** How to complete this task **
Search the entries below for "Gain" and copy each matching line.

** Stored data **
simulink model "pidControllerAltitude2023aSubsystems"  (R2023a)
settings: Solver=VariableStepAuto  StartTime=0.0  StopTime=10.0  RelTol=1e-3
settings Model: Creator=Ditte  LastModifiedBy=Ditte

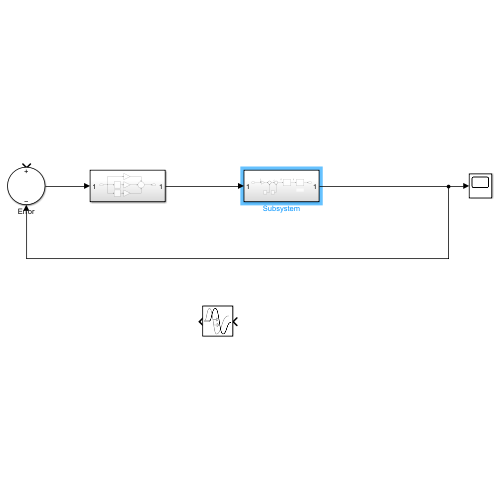
[thumbnail: Simulink's stored preview of the top-level diagram]
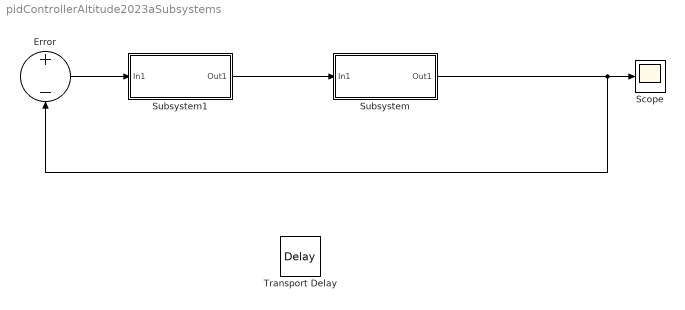
== system pidControllerAltitude2023aSubsystems ==
  Error : Sum  Inputs=+-
  Scope : Scope
  Subsystem : Subsystem
  Subsystem1 : Subsystem
  Transport Delay : TransportDelay  DelayTime=0.0000025
  wires:
  Error/1 -> Subsystem1/1(In1)
  Subsystem1/1(Out1) -> Subsystem/1(In1)
  Subsystem/1(Out1) -> Error/2, Scope/1

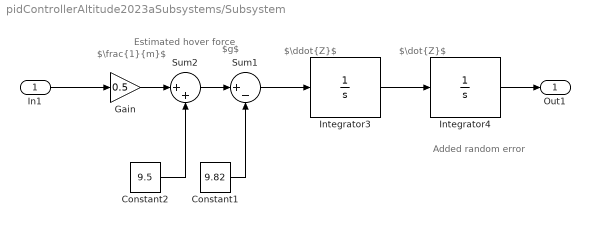
== system pidControllerAltitude2023aSubsystems/Subsystem ==
  note: $\ddot{Z}$
  note: $g$
  note: $\dot{Z}$
  note: Estimated
      | hover force
  note: Added random
      | error
  note: $\frac{1}{m}$
  In1 : Inport
  Constant1 : Constant  Value=9.82
  Constant2 : Constant  Value=9.5
  Gain : Gain  Gain=0.5
  Integrator3 : Integrator
  Integrator4 : Integrator  LimitOutput=on  LowerSaturationLimit=0
  Sum1 : Sum  Inputs=|+-
  Sum2 : Sum  Inputs=|++
  Out1 : Outport
  wires:
  Integrator4/1 -> Out1/1
  Constant2/1 -> Sum2/2
  Constant1/1 -> Sum1/2
  Gain/1 -> Sum2/1
  Integrator3/1 -> Integrator4/1
  In1/1 -> Gain/1
  Sum2/1 -> Sum1/1
  Sum1/1 -> Integrator3/1

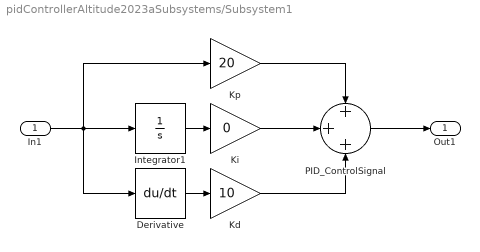
== system pidControllerAltitude2023aSubsystems/Subsystem1 ==
  In1 : Inport
  Derivative : Derivative
  Integrator1 : Integrator
  Kd : Gain  Gain=10
  Ki : Gain  Gain=0
  Kp : Gain  Gain=20
  PID_ControlSignal : Sum  Inputs=+++
  Out1 : Outport
  wires:
  Ki/1 -> PID_ControlSignal/2
  Kp/1 -> PID_ControlSignal/1
  In1/1 -> Derivative/1, Integrator1/1, Kp/1
  PID_ControlSignal/1 -> Out1/1
  Integrator1/1 -> Ki/1
  Derivative/1 -> Kd/1
  Kd/1 -> PID_ControlSignal/3

** Exercise result **
  Gain : Gain  Gain=0.5
  Gain/1 -> Sum2/1
  In1/1 -> Gain/1
  Kd : Gain  Gain=10
  Ki : Gain  Gain=0
  Kp : Gain  Gain=20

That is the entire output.